WHAT TO WORK ON ▸ An exact transcription of all the records, free of pictures, is the expected answer.

DATA SUPPLIED ▸

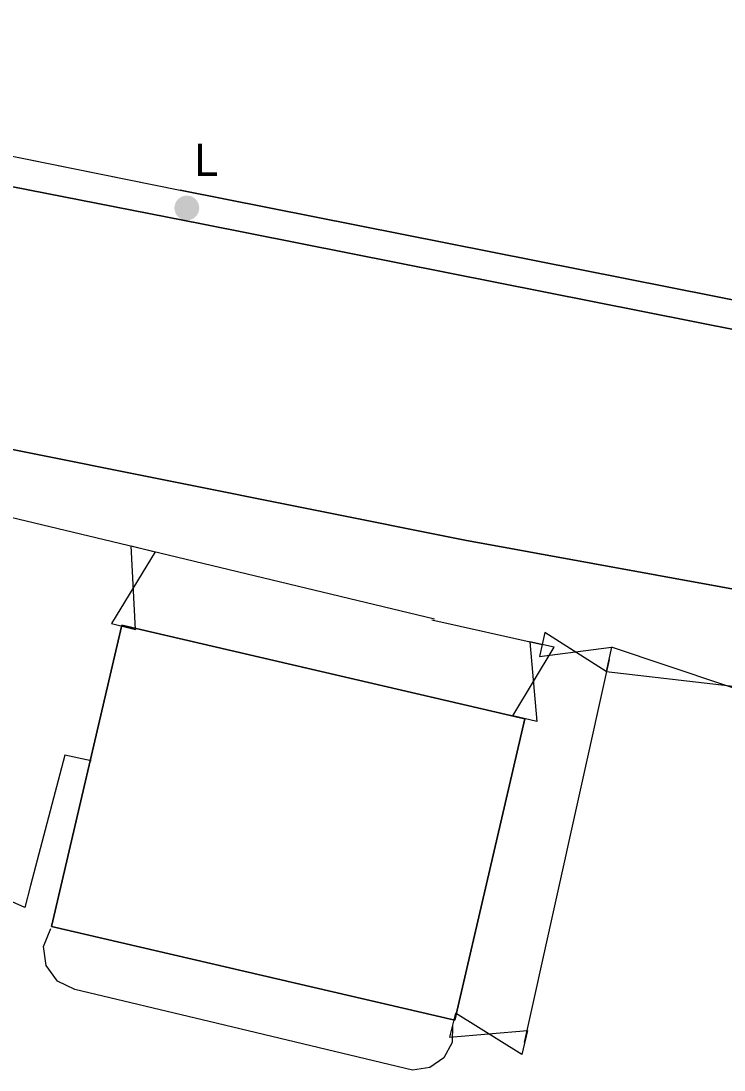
# Model space of a CAD drawing. Header units: millimetres. Extents: x 833924389 to 835767163, y 817400000 to 818811854.
# Drawn here: x 835363455 to 835391779, y 818492560 to 818534828 of the extents above; entities that cross this region are included whole.
import ezdxf

# ---------------------------------------------------------------- set-up
doc = ezdxf.new("R2010")
doc.units = ezdxf.units.MM
doc.header["$LTSCALE"] = 10
doc.header["$MEASUREMENT"] = 0
doc.layers.add('01_Base_Plan', color=5, linetype='Continuous', lineweight=5)
doc.styles.add('11nw24d$0$Style-WORKING', font='WORKING.shx')

# ---------------------------------------------------------------- blocks, each defined once
blk = doc.blocks.new('11nw24d$0$UTILP')
at = {"layer": '01_Base_Plan', "linetype": 'Continuous', "lineweight": 13}
h = blk.add_hatch(color=256, dxfattribs=at)
edge = h.paths.add_edge_path()
edge.add_arc((0, 0), 0.5, 0, 360)

msp = doc.modelspace()

# ---------------------------------------------------------------- linework, layer by layer
at = {"layer": '01_Base_Plan', "linetype": 'Continuous'}
for p, q in [((835380012, 818510694), (835384449, 818509705)), ((835383746, 818493672), (835387166, 818509100)), ((835380928, 818494563), (835383753, 818506712))]:
    msp.add_line(p, q, dxfattribs=at)
at = {"layer": '01_Base_Plan', "linetype": 'Continuous', "flags": 128}
for points in [[(835297746, 818542630), (835369874, 818528016)], [(835304963, 818541168), (835369874, 818528016), (835398552, 818522311), (835428220, 818515181), (835453711, 818509068), (835458195, 818508206), (835461143, 818507631), (835460691, 818506073)], [(835460691, 818506073), (835453456, 818507983), (835426806, 818514336), (835398445, 818521144), (835370726, 818526650), (835353939, 818529951), (835346098, 818531527), (835325747, 818535670)], [(835290048, 818532790), (835327765, 818524832), (835335188, 818523225), (835344375, 818521327), (835347990, 818520592), (835363178, 818517553), (835381343, 818513909), (835399391, 818510618), (835411243, 818507804)], [(835399391, 818510618), (835381343, 818513909), (835363178, 818517553), (835347990, 818520592), (835344375, 818521327), (835335188, 818523225), (835327765, 818524832), (835294960, 818531754)], [(835353939, 818529951), (835370726, 818526650), (835398445, 818521144)], [(835398552, 818522311), (835369874, 818528016)], [(835363000, 818514634), (835363003, 818514648), (835363050, 818514838), (835368382, 818513559)], [(835363000, 818514634), (835363003, 818514648), (835363050, 818514838), (835368382, 818513559), (835380114, 818510745)], [(835368382, 818513559), (835380114, 818510745)], [(835380012, 818510694), (835384449, 818509705)], [(835383753, 818506712), (835380928, 818494563), (835364687, 818498338), (835367512, 818510487)], [(835383753, 818506712), (835367512, 818510487), (835364687, 818498338), (835380928, 818494563)], [(835367512, 818510487), (835383753, 818506712)], [(835383746, 818493672), (835387166, 818509100)], [(835366286, 818505016), (835365220, 818505250), (835363843, 818500000), (835363610, 818499110), (835362330, 818499670), (835360634, 818503753), (835361194, 818504027), (835360164, 818506133), (835359605, 818505859)], [(835371037, 818494518), (835365630, 818495810), (835364923, 818496136), (835364463, 818496765), (835364368, 818497538), (835364661, 818498261)], [(835380841, 818494369), (835380824, 818493672), (835380494, 818493057), (835379921, 818492657), (835379230, 818492560), (835371037, 818494518), (835365630, 818495810), (835364923, 818496136), (835364463, 818496765), (835364368, 818497538), (835364661, 818498261)], [(835380841, 818494369), (835380824, 818493672), (835380494, 818493057), (835379921, 818492657), (835379230, 818492560), (835371037, 818494518)]]:
    msp.add_lwpolyline(points, dxfattribs=at)
at = {"layer": '01_Base_Plan', "flags": 128}
for points in [[(835411243, 818507804), (835399391, 818510618), (835381343, 818513909), (835363178, 818517553), (835347990, 818520592), (835344375, 818521327), (835335188, 818523225), (835327765, 818524832), (835294960, 818531754), (835290048, 818532790), (835287790, 818533003), (835285523, 818532931), (835283283, 818532575), (835281105, 818531940), (835279024, 818531037), (835277073, 818529880), (835276668, 818529548)], [(835366286, 818505016), (835365220, 818505250), (835363843, 818500000), (835363610, 818499110), (835362330, 818499670), (835360634, 818503753), (835361193, 818504027), (835360164, 818506133), (835359605, 818505859)]]:
    msp.add_lwpolyline(points, dxfattribs=at)
at = {"layer": '01_Base_Plan', "linetype": 'Continuous'}
for points in [[(835368074, 818510309), (835367897, 818513682), (835368866, 818513436), (835367104, 818510554)], [(835384340, 818509217), (835387243, 818509595), (835387025, 818508619), (835384557, 818510193)], [(835383962, 818509819), (835384240, 818506598), (835383266, 818506825), (835384936, 818509592)], [(835387025, 818508619), (835396552, 818507520), (835396334, 818506544), (835387243, 818509595)], [(835380724, 818493882), (835383863, 818494158), (835383629, 818493186), (835380957, 818494855)]]:
    msp.add_3dface(points, dxfattribs=at)

# ---------------------------------------------------------------- block references
at = {"layer": '01_Base_Plan', "linetype": 'Continuous', "xscale": 1000, "yscale": 1000, "zscale": 1000}
msp.add_blockref('11nw24d$0$UTILP', (835370136, 818527294), dxfattribs=at)

# ---------------------------------------------------------------- texts
at = {"layer": '01_Base_Plan', "linetype": 'Continuous', "style": '11nw24d$0$Style-WORKING'}
msp.add_text('L', height=1300, dxfattribs=at).set_placement((835370446, 818528586))

doc.saveas('drawing.dxf')

OUTPUT FOR THIS TASK ▸
# Model space of a CAD drawing. Header units: millimetres. Extents: x 833924389 to 835767163, y 817400000 to 818811854.
# Drawn here: x 835363455 to 835391779, y 818492560 to 818534828 of the extents above; entities that cross this region are included whole.
import ezdxf

# ---------------------------------------------------------------- set-up
doc = ezdxf.new("R2010")
doc.units = ezdxf.units.MM
doc.header["$LTSCALE"] = 10
doc.header["$MEASUREMENT"] = 0
doc.layers.add('01_Base_Plan', color=5, linetype='Continuous', lineweight=5)
doc.styles.add('11nw24d$0$Style-WORKING', font='WORKING.shx')

# ---------------------------------------------------------------- blocks, each defined once
blk = doc.blocks.new('11nw24d$0$UTILP')
at = {"layer": '01_Base_Plan', "linetype": 'Continuous', "lineweight": 13}
h = blk.add_hatch(color=256, dxfattribs=at)
edge = h.paths.add_edge_path()
edge.add_arc((0, 0), 0.5, 0, 360)

msp = doc.modelspace()

# ---------------------------------------------------------------- linework, layer by layer
at = {"layer": '01_Base_Plan', "linetype": 'Continuous'}
for p, q in [((835380012, 818510694), (835384449, 818509705)), ((835383746, 818493672), (835387166, 818509100)), ((835380928, 818494563), (835383753, 818506712))]:
    msp.add_line(p, q, dxfattribs=at)
at = {"layer": '01_Base_Plan', "linetype": 'Continuous', "flags": 128}
for points in [[(835297746, 818542630), (835369874, 818528016)], [(835304963, 818541168), (835369874, 818528016), (835398552, 818522311), (835428220, 818515181), (835453711, 818509068), (835458195, 818508206), (835461143, 818507631), (835460691, 818506073)], [(835460691, 818506073), (835453456, 818507983), (835426806, 818514336), (835398445, 818521144), (835370726, 818526650), (835353939, 818529951), (835346098, 818531527), (835325747, 818535670)], [(835290048, 818532790), (835327765, 818524832), (835335188, 818523225), (835344375, 818521327), (835347990, 818520592), (835363178, 818517553), (835381343, 818513909), (835399391, 818510618), (835411243, 818507804)], [(835399391, 818510618), (835381343, 818513909), (835363178, 818517553), (835347990, 818520592), (835344375, 818521327), (835335188, 818523225), (835327765, 818524832), (835294960, 818531754)], [(835353939, 818529951), (835370726, 818526650), (835398445, 818521144)], [(835398552, 818522311), (835369874, 818528016)], [(835363000, 818514634), (835363003, 818514648), (835363050, 818514838), (835368382, 818513559)], [(835363000, 818514634), (835363003, 818514648), (835363050, 818514838), (835368382, 818513559), (835380114, 818510745)], [(835368382, 818513559), (835380114, 818510745)], [(835380012, 818510694), (835384449, 818509705)], [(835383753, 818506712), (835380928, 818494563), (835364687, 818498338), (835367512, 818510487)], [(835383753, 818506712), (835367512, 818510487), (835364687, 818498338), (835380928, 818494563)], [(835367512, 818510487), (835383753, 818506712)], [(835383746, 818493672), (835387166, 818509100)], [(835366286, 818505016), (835365220, 818505250), (835363843, 818500000), (835363610, 818499110), (835362330, 818499670), (835360634, 818503753), (835361194, 818504027), (835360164, 818506133), (835359605, 818505859)], [(835371037, 818494518), (835365630, 818495810), (835364923, 818496136), (835364463, 818496765), (835364368, 818497538), (835364661, 818498261)], [(835380841, 818494369), (835380824, 818493672), (835380494, 818493057), (835379921, 818492657), (835379230, 818492560), (835371037, 818494518), (835365630, 818495810), (835364923, 818496136), (835364463, 818496765), (835364368, 818497538), (835364661, 818498261)], [(835380841, 818494369), (835380824, 818493672), (835380494, 818493057), (835379921, 818492657), (835379230, 818492560), (835371037, 818494518)]]:
    msp.add_lwpolyline(points, dxfattribs=at)
at = {"layer": '01_Base_Plan', "flags": 128}
for points in [[(835411243, 818507804), (835399391, 818510618), (835381343, 818513909), (835363178, 818517553), (835347990, 818520592), (835344375, 818521327), (835335188, 818523225), (835327765, 818524832), (835294960, 818531754), (835290048, 818532790), (835287790, 818533003), (835285523, 818532931), (835283283, 818532575), (835281105, 818531940), (835279024, 818531037), (835277073, 818529880), (835276668, 818529548)], [(835366286, 818505016), (835365220, 818505250), (835363843, 818500000), (835363610, 818499110), (835362330, 818499670), (835360634, 818503753), (835361193, 818504027), (835360164, 818506133), (835359605, 818505859)]]:
    msp.add_lwpolyline(points, dxfattribs=at)
at = {"layer": '01_Base_Plan', "linetype": 'Continuous'}
for points in [[(835368074, 818510309), (835367897, 818513682), (835368866, 818513436), (835367104, 818510554)], [(835384340, 818509217), (835387243, 818509595), (835387025, 818508619), (835384557, 818510193)], [(835383962, 818509819), (835384240, 818506598), (835383266, 818506825), (835384936, 818509592)], [(835387025, 818508619), (835396552, 818507520), (835396334, 818506544), (835387243, 818509595)], [(835380724, 818493882), (835383863, 818494158), (835383629, 818493186), (835380957, 818494855)]]:
    msp.add_3dface(points, dxfattribs=at)

# ---------------------------------------------------------------- block references
at = {"layer": '01_Base_Plan', "linetype": 'Continuous', "xscale": 1000, "yscale": 1000, "zscale": 1000}
msp.add_blockref('11nw24d$0$UTILP', (835370136, 818527294), dxfattribs=at)

# ---------------------------------------------------------------- texts
at = {"layer": '01_Base_Plan', "linetype": 'Continuous', "style": '11nw24d$0$Style-WORKING'}
msp.add_text('L', height=1300, dxfattribs=at).set_placement((835370446, 818528586))

doc.saveas('drawing.dxf')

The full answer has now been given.